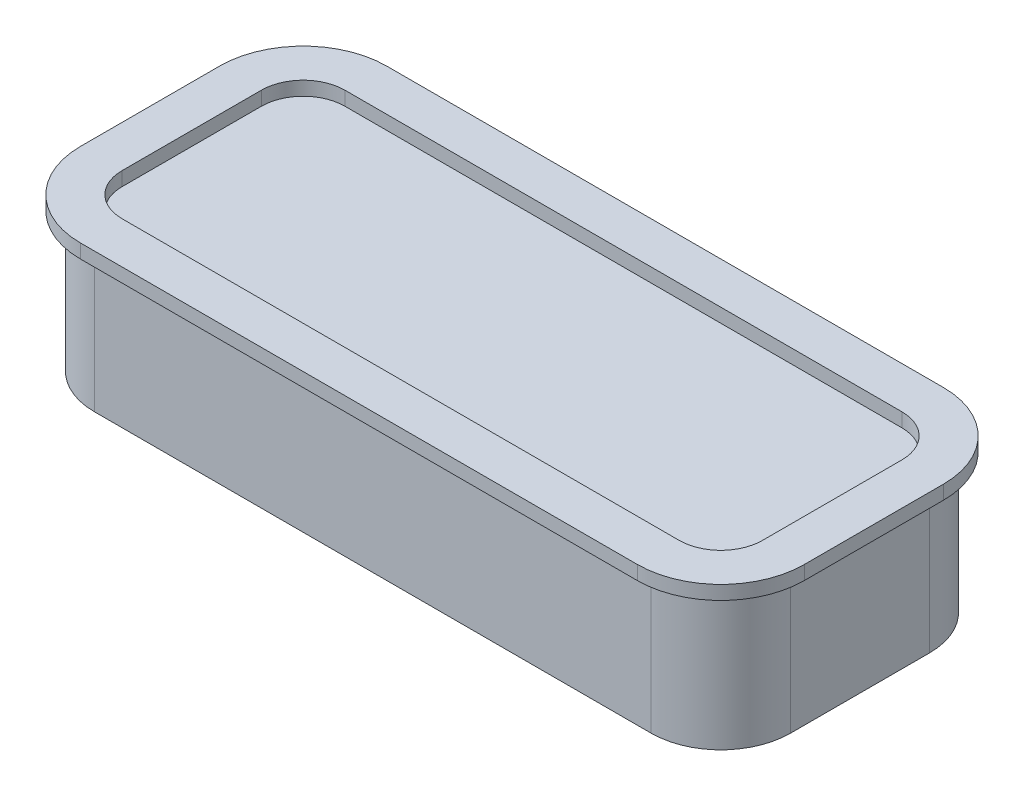
from build123d import *

# Parameters (mm, degrees)
SURFACE_EXTRUDE1_1_BACK  = 100
SURFACE_EXTRUDE1_1_DEPTH = 100
THICKEN1_T1              = 10
SURFACE_EXTRUDE2_2_DEPTH = 10
THICKEN2_T1              = 10
THICKEN2_T2              = 10
THICKEN3_START           = -100
THICKEN3_DEPTH           = 10
THICKEN4_DEPTH           = 10
THICKEN5_START           = -90
THICKEN5_DEPTH           = 90


# Read off the part's stored shape, not the designer's step: Thicken3, Thicken4, Thicken5
with BuildPart() as body_1:
    # Surface-Extrude1: a surface, the sketch's curves swept straight by 100 mm
    with BuildLine(Plane(origin=(0, 0, 0), x_dir=(1, 0, 0), z_dir=(0, 1, 0)).offset(-SURFACE_EXTRUDE1_1_BACK), mode=Mode.PRIVATE) as surface_extrude1_1_path:
        Line((-1.878720563, -34.460865773), (398.121279437, -34.460865773))
        ThreePointArc((398.121279437, -34.460865773), (433.476618497, -19.816204833), (448.121279437, 15.539134227))
        Line((448.121279437, 15.539134227), (448.121279437, 115.539134227))
        ThreePointArc((448.121279437, 115.539134227), (433.476618497, 150.894473286), (398.121279437, 165.539134227))
        Line((398.121279437, 165.539134227), (-1.878720563, 165.539134227))
        ThreePointArc((-1.878720563, 165.539134227), (-37.234059622, 150.894473286), (-51.878720563, 115.539134227))
        Line((-51.878720563, 115.539134227), (-51.878720563, 15.539134227))
        ThreePointArc((-51.878720563, 15.539134227), (-37.234059622, -19.816204833), (-1.878720563, -34.460865773))
    surface_extrude1_1 = Shell.extrude(surface_extrude1_1_path.wire(), (0 * SURFACE_EXTRUDE1_1_DEPTH, 1 * SURFACE_EXTRUDE1_1_DEPTH, 0 * SURFACE_EXTRUDE1_1_DEPTH))
    add(Solid.thicken(surface_extrude1_1, THICKEN1_T1))

    # Surface-Extrude2: a surface, the sketch's curves swept straight by 10 mm
    with BuildLine(Plane(origin=(0, 0, 0), x_dir=(1, 0, 0), z_dir=(0, 1, 0)), mode=Mode.PRIVATE) as surface_extrude2_2_path:
        Line((-1.878720563, -34.460865773), (398.121279437, -34.460865773))
        ThreePointArc((398.121279437, -34.460865773), (433.476618497, -19.816204833), (448.121279437, 15.539134227))
        Line((448.121279437, 15.539134227), (448.121279437, 115.539134227))
        ThreePointArc((448.121279437, 115.539134227), (433.476618497, 150.894473286), (398.121279437, 165.539134227))
        Line((398.121279437, 165.539134227), (-1.878720563, 165.539134227))
        ThreePointArc((-1.878720563, 165.539134227), (-37.234059622, 150.894473286), (-51.878720563, 115.539134227))
        Line((-51.878720563, 115.539134227), (-51.878720563, 15.539134227))
        ThreePointArc((-51.878720563, 15.539134227), (-37.234059622, -19.816204833), (-1.878720563, -34.460865773))
    surface_extrude2_2 = Shell.extrude(surface_extrude2_2_path.wire(), (0 * SURFACE_EXTRUDE2_2_DEPTH, 1 * SURFACE_EXTRUDE2_2_DEPTH, 0 * SURFACE_EXTRUDE2_2_DEPTH))
    add(Solid.thicken(surface_extrude2_2, THICKEN2_T1))
    add(Solid.thicken(surface_extrude2_2, -THICKEN2_T2))

    # Thicken3 outline → Thicken3 (add)
    with BuildSketch(Plane(origin=(0, 0, 0), x_dir=(1, 0, 0), z_dir=(0, 1, 0)).offset(THICKEN3_START)):
        with BuildLine():
            ThreePointArc((398.121279437, -24.460865773), (426.405550685, -12.745137021), (438.121279437, 15.539134227))
            Line((438.121279437, 15.539134227), (438.121279437, 115.539134227))
            ThreePointArc((438.121279437, 115.539134227), (426.405550684, 143.823405474), (398.121279437, 155.539134227))
            Line((398.121279437, 155.539134227), (-1.878720563, 155.539134227))
            ThreePointArc((-1.878720563, 155.539134227), (-30.16299181, 143.823405474), (-41.878720563, 115.539134227))
            Line((-41.878720563, 115.539134227), (-41.878720563, 15.539134227))
            ThreePointArc((-41.878720563, 15.539134227), (-30.16299181, -12.745137021), (-1.878720563, -24.460865773))
            Line((-1.878720563, -24.460865773), (398.121279437, -24.460865773))
        make_face()
        with BuildLine():
            ThreePointArc((398.121279437, 145.539134227), (419.334482873, 136.752337662), (428.121279437, 115.539134227))
            Line((428.121279437, 115.539134227), (428.121279437, 15.539134227))
            ThreePointArc((428.121279437, 15.539134227), (419.334482873, -5.674069209), (398.121279437, -14.460865773))
            Line((398.121279437, -14.460865773), (-1.878720563, -14.460865773))
            ThreePointArc((-1.878720563, -14.460865773), (-23.091923998, -5.674069208), (-31.878720563, 15.539134227))
            Line((-31.878720563, 15.539134227), (-31.878720563, 115.539134227))
            ThreePointArc((-31.878720563, 115.539134227), (-23.091923998, 136.752337662), (-1.878720563, 145.539134227))
            Line((-1.878720563, 145.539134227), (398.121279437, 145.539134227))
        make_face(mode=Mode.SUBTRACT)
    extrude(amount=THICKEN3_DEPTH)

    # Thicken4 outline → Thicken4 (add)
    with BuildSketch(Plane(origin=(0, 0, 0), x_dir=(1, 0, 0), z_dir=(0, 1, 0))):
        with BuildLine():
            ThreePointArc((398.121279437, -24.460865773), (426.405550685, -12.745137021), (438.121279437, 15.539134227))
            Line((438.121279437, 15.539134227), (438.121279437, 115.539134227))
            ThreePointArc((438.121279437, 115.539134227), (426.405550684, 143.823405474), (398.121279437, 155.539134227))
            Line((398.121279437, 155.539134227), (-1.878720563, 155.539134227))
            ThreePointArc((-1.878720563, 155.539134227), (-30.16299181, 143.823405474), (-41.878720563, 115.539134227))
            Line((-41.878720563, 115.539134227), (-41.878720563, 15.539134227))
            ThreePointArc((-41.878720563, 15.539134227), (-30.16299181, -12.745137021), (-1.878720563, -24.460865773))
            Line((-1.878720563, -24.460865773), (398.121279437, -24.460865773))
        make_face()
        with BuildLine():
            Line((-1.878720563, 145.539134227), (398.121279437, 145.539134227))
            ThreePointArc((398.121279437, 145.539134227), (419.334482873, 136.752337662), (428.121279437, 115.539134227))
            Line((428.121279437, 115.539134227), (428.121279437, 15.539134227))
            ThreePointArc((428.121279437, 15.539134227), (419.334482873, -5.674069209), (398.121279437, -14.460865773))
            Line((398.121279437, -14.460865773), (-1.878720563, -14.460865773))
            ThreePointArc((-1.878720563, -14.460865773), (-23.091923998, -5.674069208), (-31.878720563, 15.539134227))
            Line((-31.878720563, 15.539134227), (-31.878720563, 115.539134227))
            ThreePointArc((-31.878720563, 115.539134227), (-23.091923998, 136.752337662), (-1.878720563, 145.539134227))
        make_face(mode=Mode.SUBTRACT)
    extrude(amount=THICKEN4_DEPTH)


with BuildPart() as body_2:
    # Thicken5 outline → Thicken5 (new body)
    with BuildSketch(Plane(origin=(0, 0, 0), x_dir=(1, 0, 0), z_dir=(0, 1, 0)).offset(THICKEN5_START)):
        with BuildLine():
            ThreePointArc((-1.878720563, 155.539134227), (-30.16299181, 143.823405474), (-41.878720563, 115.539134227))
            Line((-41.878720563, 115.539134227), (-41.878720563, 15.539134227))
            ThreePointArc((-41.878720563, 15.539134227), (-30.16299181, -12.745137021), (-1.878720563, -24.460865773))
            Line((-1.878720563, -24.460865773), (398.121279437, -24.460865773))
            ThreePointArc((398.121279437, -24.460865773), (426.405550685, -12.745137021), (438.121279437, 15.539134227))
            Line((438.121279437, 15.539134227), (438.121279437, 115.539134227))
            ThreePointArc((438.121279437, 115.539134227), (426.405550684, 143.823405474), (398.121279437, 155.539134227))
            Line((398.121279437, 155.539134227), (-1.878720563, 155.539134227))
        make_face()
    extrude(amount=THICKEN5_DEPTH)


solid = Compound([body_1.part, body_2.part])
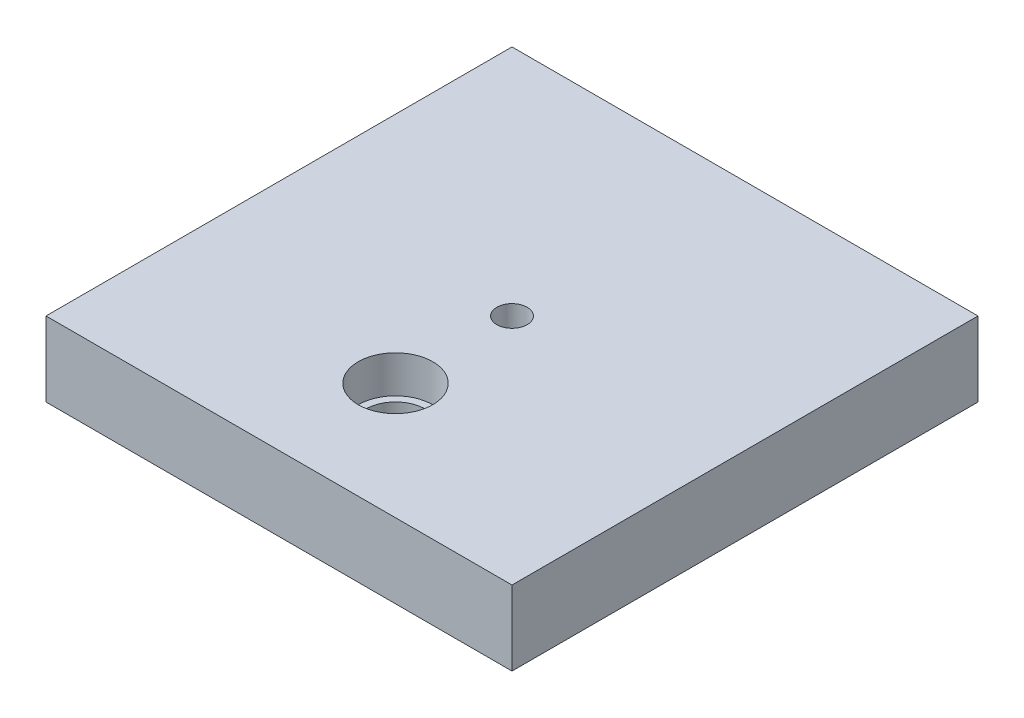
from build123d import *

# Parameters (mm, degrees)
SKETCH1_W           = 100
SKETCH1_H           = 100
SKETCH1_R           = 3.25
BOSS_EXTRUDE1_DEPTH = 16
SKETCH2_R           = 8
CUT_EXTRUDE1_DEPTH  = 8
CUT_EXTRUDE2_REACH  = 73.162
SKETCH3_R           = 6.4


with BuildPart() as part:
    # Sketch1 → Boss-Extrude1 (new body)
    with BuildSketch(Plane(origin=(0, 0, 0), x_dir=(1, 0, 0), z_dir=(0, 1, 0))):
        Rectangle(SKETCH1_W, SKETCH1_H)
        Circle(SKETCH1_R, mode=Mode.SUBTRACT)
    extrude(amount=BOSS_EXTRUDE1_DEPTH)

    # Sketch2 → Cut-Extrude1 (cut)
    with BuildSketch(Plane(origin=(0, 16, 0), x_dir=(1, 0, 0), z_dir=(0, 1, 0))):
        with Locations((0, -25)):
            Circle(SKETCH2_R)
    extrude(amount=-CUT_EXTRUDE1_DEPTH, mode=Mode.SUBTRACT)

    # Sketch3 → Cut-Extrude2 (cut, up to next)
    with BuildSketch(Plane(origin=(0, 8, 0), x_dir=(1, 0, 0), z_dir=(0, 1, 0)), mode=Mode.PRIVATE) as cut_extrude2_sk1:
        with Locations((0, -25)):
            Circle(SKETCH3_R)
    cut_extrude2_tool1 = extrude(cut_extrude2_sk1.sketch, amount=-CUT_EXTRUDE2_REACH, mode=Mode.PRIVATE) & part.part
    add(cut_extrude2_tool1.solids().sort_by_distance((0, 8, 25))[0], mode=Mode.SUBTRACT)


solid = part.part

WHAT IS NEEDED → Respond with the exact lines above running from the one containing "solid = Compound([body_1.part, body_2.part])" to the one containing "# Sketch3 →", both ends kept and no pictures included.

TASK RESPONSE →
solid = Compound([body_1.part, body_2.part])
from build123d import *

# Parameters (mm, degrees)
SKETCH1_W           = 100
SKETCH1_H           = 100
SKETCH1_R           = 3.25
BOSS_EXTRUDE1_DEPTH = 16
SKETCH2_R           = 8
CUT_EXTRUDE1_DEPTH  = 8
CUT_EXTRUDE2_REACH  = 73.162
SKETCH3_R           = 6.4


with BuildPart() as part:
    # Sketch1 → Boss-Extrude1 (new body)
    with BuildSketch(Plane(origin=(0, 0, 0), x_dir=(1, 0, 0), z_dir=(0, 1, 0))):
        Rectangle(SKETCH1_W, SKETCH1_H)
        Circle(SKETCH1_R, mode=Mode.SUBTRACT)
    extrude(amount=BOSS_EXTRUDE1_DEPTH)

    # Sketch2 → Cut-Extrude1 (cut)
    with BuildSketch(Plane(origin=(0, 16, 0), x_dir=(1, 0, 0), z_dir=(0, 1, 0))):
        with Locations((0, -25)):
            Circle(SKETCH2_R)
    extrude(amount=-CUT_EXTRUDE1_DEPTH, mode=Mode.SUBTRACT)

    # Sketch3 → Cut-Extrude2 (cut, up to next)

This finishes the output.